[Dataset items]
------------------------

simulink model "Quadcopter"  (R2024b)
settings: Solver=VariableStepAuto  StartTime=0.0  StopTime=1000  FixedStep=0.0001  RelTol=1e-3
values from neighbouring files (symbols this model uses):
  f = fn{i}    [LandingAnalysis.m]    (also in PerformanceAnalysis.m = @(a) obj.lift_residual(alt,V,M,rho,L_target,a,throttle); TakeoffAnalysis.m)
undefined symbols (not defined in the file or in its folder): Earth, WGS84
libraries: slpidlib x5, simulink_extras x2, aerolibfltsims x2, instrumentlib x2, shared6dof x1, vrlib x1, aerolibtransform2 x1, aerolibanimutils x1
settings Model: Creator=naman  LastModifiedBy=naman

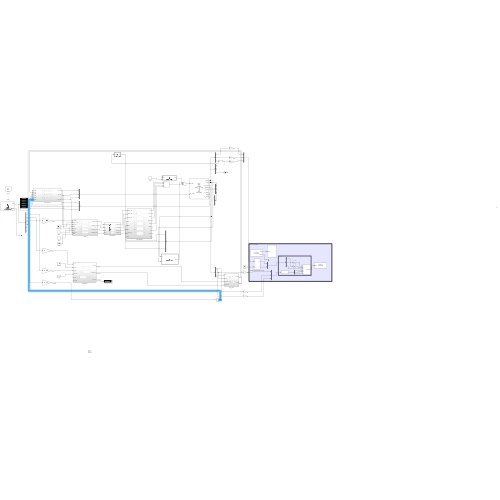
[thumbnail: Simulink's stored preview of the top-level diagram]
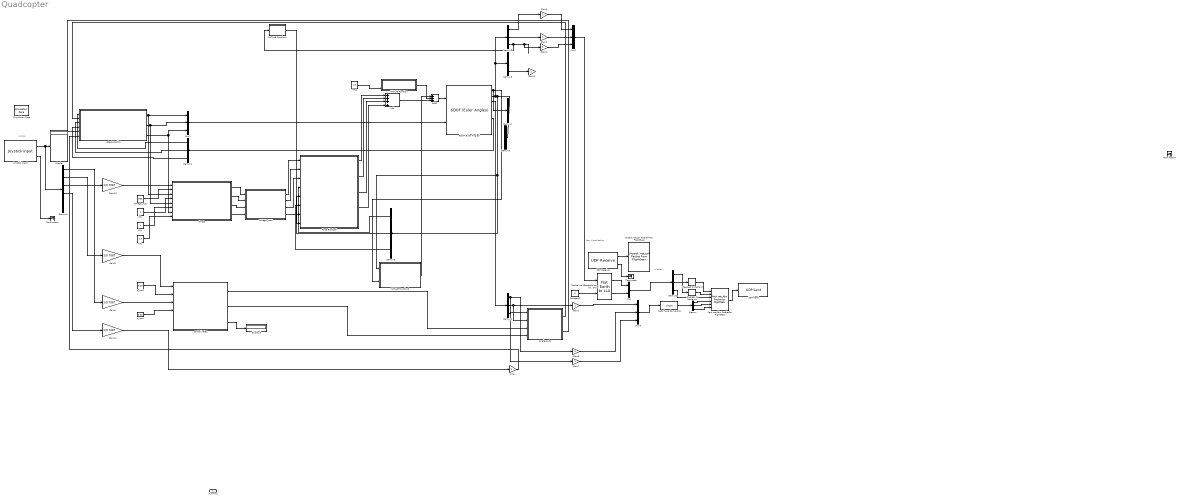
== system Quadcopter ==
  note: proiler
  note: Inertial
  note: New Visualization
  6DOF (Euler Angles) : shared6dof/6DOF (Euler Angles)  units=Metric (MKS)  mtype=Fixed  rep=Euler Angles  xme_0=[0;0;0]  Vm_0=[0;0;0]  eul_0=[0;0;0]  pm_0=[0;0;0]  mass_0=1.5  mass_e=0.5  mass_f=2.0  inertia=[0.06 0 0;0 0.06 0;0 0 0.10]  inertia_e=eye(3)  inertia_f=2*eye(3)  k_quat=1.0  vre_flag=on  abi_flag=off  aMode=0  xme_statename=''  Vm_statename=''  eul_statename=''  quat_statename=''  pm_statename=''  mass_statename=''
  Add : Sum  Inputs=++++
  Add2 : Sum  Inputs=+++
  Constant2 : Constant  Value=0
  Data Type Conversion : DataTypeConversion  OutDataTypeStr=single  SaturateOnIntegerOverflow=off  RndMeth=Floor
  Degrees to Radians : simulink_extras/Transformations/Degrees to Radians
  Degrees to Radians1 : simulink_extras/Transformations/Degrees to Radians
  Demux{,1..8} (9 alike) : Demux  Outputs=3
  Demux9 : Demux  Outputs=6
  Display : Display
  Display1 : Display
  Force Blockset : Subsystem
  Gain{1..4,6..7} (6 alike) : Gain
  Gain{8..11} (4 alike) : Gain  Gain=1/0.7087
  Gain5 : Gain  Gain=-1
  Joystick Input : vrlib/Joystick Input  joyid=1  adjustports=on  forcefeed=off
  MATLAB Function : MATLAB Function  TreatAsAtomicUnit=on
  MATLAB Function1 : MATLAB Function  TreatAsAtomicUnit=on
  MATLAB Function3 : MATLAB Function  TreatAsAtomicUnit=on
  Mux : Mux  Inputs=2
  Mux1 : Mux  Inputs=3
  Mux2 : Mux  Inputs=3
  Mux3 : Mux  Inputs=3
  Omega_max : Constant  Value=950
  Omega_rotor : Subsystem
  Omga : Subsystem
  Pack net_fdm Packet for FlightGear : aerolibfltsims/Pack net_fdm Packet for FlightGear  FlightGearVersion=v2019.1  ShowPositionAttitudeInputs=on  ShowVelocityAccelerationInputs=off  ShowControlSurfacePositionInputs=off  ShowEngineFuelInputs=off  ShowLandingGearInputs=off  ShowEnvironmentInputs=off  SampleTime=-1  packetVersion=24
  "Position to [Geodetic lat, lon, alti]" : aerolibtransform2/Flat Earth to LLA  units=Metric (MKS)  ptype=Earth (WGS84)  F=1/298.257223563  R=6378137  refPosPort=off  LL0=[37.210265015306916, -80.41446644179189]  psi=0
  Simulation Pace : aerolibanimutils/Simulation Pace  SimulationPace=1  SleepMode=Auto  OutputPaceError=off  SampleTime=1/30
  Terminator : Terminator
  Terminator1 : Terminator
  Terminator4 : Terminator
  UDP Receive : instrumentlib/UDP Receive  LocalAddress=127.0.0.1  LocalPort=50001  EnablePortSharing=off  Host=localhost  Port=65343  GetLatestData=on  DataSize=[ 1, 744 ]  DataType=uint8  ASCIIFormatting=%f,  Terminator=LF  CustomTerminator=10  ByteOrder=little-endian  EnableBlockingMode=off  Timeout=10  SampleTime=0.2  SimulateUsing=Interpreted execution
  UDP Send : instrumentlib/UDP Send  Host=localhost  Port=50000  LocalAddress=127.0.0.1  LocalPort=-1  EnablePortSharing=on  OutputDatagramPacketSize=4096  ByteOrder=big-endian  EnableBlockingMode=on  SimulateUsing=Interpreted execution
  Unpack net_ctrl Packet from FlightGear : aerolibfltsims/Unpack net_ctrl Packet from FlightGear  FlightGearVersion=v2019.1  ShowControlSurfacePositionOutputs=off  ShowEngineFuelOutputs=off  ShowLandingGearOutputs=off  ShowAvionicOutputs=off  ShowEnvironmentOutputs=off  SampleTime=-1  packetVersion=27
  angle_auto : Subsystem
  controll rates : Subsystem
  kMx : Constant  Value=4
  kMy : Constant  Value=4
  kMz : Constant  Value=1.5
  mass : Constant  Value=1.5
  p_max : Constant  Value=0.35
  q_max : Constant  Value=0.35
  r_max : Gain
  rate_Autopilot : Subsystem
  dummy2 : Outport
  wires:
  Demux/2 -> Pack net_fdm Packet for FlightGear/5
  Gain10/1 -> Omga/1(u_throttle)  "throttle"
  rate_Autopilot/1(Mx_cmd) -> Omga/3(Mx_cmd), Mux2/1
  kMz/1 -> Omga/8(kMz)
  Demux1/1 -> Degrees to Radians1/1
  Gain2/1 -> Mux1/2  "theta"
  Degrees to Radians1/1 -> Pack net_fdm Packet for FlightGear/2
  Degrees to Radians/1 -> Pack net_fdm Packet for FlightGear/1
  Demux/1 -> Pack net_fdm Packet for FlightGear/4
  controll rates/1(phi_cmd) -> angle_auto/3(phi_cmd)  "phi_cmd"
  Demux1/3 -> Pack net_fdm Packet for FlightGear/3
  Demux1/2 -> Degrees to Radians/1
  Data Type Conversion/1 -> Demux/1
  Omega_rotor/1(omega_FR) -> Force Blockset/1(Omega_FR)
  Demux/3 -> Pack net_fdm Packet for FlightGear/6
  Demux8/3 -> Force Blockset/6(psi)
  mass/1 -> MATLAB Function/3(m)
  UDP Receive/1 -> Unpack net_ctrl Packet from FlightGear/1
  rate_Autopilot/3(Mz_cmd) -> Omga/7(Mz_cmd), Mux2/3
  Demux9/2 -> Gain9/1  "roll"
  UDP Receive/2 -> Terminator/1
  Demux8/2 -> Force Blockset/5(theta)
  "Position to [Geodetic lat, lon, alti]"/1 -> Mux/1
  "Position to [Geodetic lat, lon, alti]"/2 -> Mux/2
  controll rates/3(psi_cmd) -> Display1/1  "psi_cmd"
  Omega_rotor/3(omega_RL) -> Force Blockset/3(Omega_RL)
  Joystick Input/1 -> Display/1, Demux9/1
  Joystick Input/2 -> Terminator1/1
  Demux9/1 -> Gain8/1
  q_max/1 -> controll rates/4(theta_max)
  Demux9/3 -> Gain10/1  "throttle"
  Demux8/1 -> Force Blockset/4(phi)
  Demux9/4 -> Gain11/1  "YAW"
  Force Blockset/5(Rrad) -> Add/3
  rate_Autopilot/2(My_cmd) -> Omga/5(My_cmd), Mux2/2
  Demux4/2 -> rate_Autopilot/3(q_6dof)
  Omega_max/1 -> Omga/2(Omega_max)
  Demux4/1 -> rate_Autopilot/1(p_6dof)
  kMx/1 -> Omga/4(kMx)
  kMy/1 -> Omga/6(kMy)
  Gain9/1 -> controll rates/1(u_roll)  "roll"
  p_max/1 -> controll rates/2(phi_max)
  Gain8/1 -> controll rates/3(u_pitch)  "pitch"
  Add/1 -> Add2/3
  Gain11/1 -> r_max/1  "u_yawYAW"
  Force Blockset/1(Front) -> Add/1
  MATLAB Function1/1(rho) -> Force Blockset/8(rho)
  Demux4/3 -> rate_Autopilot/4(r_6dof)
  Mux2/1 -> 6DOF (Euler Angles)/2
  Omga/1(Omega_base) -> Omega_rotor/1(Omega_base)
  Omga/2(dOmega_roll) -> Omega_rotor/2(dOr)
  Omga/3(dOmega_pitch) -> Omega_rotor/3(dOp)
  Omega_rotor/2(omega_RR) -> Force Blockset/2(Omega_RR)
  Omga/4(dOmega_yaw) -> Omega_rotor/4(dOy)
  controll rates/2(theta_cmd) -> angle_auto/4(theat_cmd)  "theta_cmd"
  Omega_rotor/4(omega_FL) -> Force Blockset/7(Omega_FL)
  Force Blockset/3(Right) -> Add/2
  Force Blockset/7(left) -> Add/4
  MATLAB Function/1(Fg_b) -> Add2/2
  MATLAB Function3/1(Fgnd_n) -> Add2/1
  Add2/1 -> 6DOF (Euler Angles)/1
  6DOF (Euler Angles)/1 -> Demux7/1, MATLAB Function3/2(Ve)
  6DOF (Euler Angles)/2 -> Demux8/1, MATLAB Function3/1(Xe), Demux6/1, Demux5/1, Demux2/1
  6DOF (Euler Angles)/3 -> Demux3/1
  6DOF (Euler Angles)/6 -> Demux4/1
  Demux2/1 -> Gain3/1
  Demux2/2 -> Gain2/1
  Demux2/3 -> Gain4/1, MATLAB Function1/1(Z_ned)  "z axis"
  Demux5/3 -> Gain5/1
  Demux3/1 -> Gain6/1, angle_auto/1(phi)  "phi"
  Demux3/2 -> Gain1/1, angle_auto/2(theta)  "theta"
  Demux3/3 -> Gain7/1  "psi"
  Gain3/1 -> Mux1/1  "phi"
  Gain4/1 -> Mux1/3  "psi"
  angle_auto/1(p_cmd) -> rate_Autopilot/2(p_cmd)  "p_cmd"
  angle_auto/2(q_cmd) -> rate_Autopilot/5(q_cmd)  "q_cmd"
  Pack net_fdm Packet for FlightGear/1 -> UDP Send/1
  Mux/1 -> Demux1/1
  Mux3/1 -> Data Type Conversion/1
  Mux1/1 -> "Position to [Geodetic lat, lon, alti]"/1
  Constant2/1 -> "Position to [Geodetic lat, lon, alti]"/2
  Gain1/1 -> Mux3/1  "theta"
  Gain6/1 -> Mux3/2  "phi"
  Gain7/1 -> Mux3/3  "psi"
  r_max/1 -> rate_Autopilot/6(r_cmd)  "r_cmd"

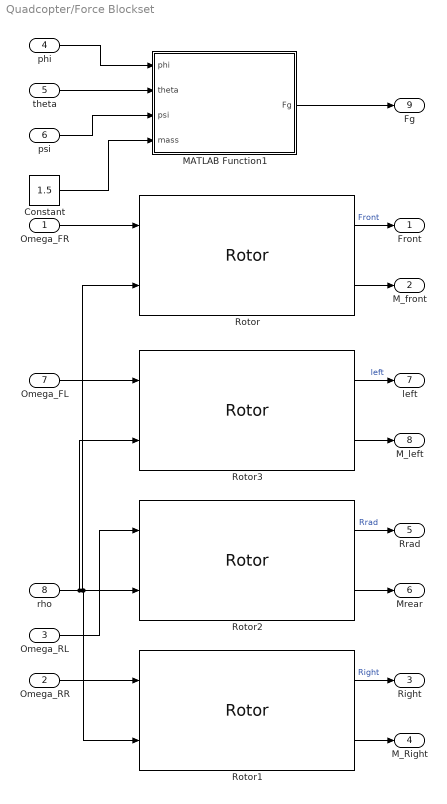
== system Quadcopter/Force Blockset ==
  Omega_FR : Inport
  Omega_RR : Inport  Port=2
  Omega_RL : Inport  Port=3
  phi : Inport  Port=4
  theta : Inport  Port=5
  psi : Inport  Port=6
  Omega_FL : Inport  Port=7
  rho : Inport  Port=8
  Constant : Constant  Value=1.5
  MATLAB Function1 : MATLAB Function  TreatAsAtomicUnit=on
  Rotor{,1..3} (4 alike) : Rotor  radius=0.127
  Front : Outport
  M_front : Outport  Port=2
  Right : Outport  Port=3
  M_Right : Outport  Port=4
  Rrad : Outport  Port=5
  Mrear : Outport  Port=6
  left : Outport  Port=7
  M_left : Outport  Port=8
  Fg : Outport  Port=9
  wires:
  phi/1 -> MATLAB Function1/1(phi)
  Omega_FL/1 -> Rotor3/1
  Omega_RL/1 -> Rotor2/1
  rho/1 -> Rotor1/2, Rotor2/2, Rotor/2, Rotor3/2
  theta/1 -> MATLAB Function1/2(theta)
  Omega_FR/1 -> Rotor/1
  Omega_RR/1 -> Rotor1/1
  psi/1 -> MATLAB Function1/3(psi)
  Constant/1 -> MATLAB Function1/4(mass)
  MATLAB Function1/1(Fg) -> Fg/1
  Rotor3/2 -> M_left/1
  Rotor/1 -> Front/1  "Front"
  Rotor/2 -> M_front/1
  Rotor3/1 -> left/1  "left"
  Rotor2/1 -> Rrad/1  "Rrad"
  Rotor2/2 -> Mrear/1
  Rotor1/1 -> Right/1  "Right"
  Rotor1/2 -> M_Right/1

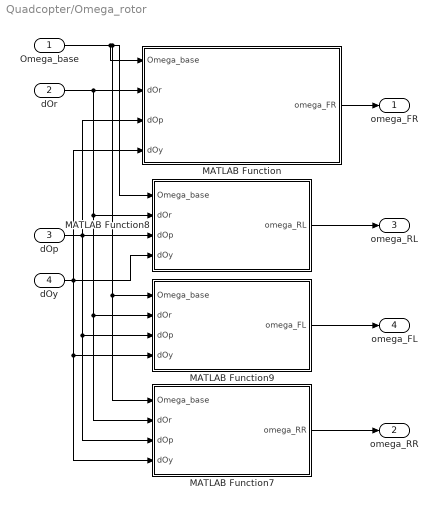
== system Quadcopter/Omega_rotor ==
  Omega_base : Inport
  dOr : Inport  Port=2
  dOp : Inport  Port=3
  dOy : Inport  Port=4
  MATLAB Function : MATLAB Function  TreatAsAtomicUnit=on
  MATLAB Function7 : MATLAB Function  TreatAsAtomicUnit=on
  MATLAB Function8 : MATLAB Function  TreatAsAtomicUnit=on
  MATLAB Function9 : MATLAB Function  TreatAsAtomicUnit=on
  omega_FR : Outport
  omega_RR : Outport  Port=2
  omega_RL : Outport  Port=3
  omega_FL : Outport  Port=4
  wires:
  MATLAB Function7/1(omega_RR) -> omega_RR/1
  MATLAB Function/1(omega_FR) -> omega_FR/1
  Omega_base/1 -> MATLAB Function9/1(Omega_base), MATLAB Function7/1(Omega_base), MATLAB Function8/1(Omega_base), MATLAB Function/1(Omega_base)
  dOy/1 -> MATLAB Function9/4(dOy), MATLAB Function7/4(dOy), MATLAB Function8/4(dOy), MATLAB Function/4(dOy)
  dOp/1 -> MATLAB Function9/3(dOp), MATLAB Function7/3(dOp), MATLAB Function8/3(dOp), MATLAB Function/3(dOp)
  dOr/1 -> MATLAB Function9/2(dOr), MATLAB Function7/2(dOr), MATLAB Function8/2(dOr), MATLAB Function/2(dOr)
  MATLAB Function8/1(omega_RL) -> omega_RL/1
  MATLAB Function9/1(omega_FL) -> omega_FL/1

------------------------

• PROBLEM DETAILS: Each line that contains the string "Host" counts once; report how many such lines the entries have, giving only the number.

• RESULT: 2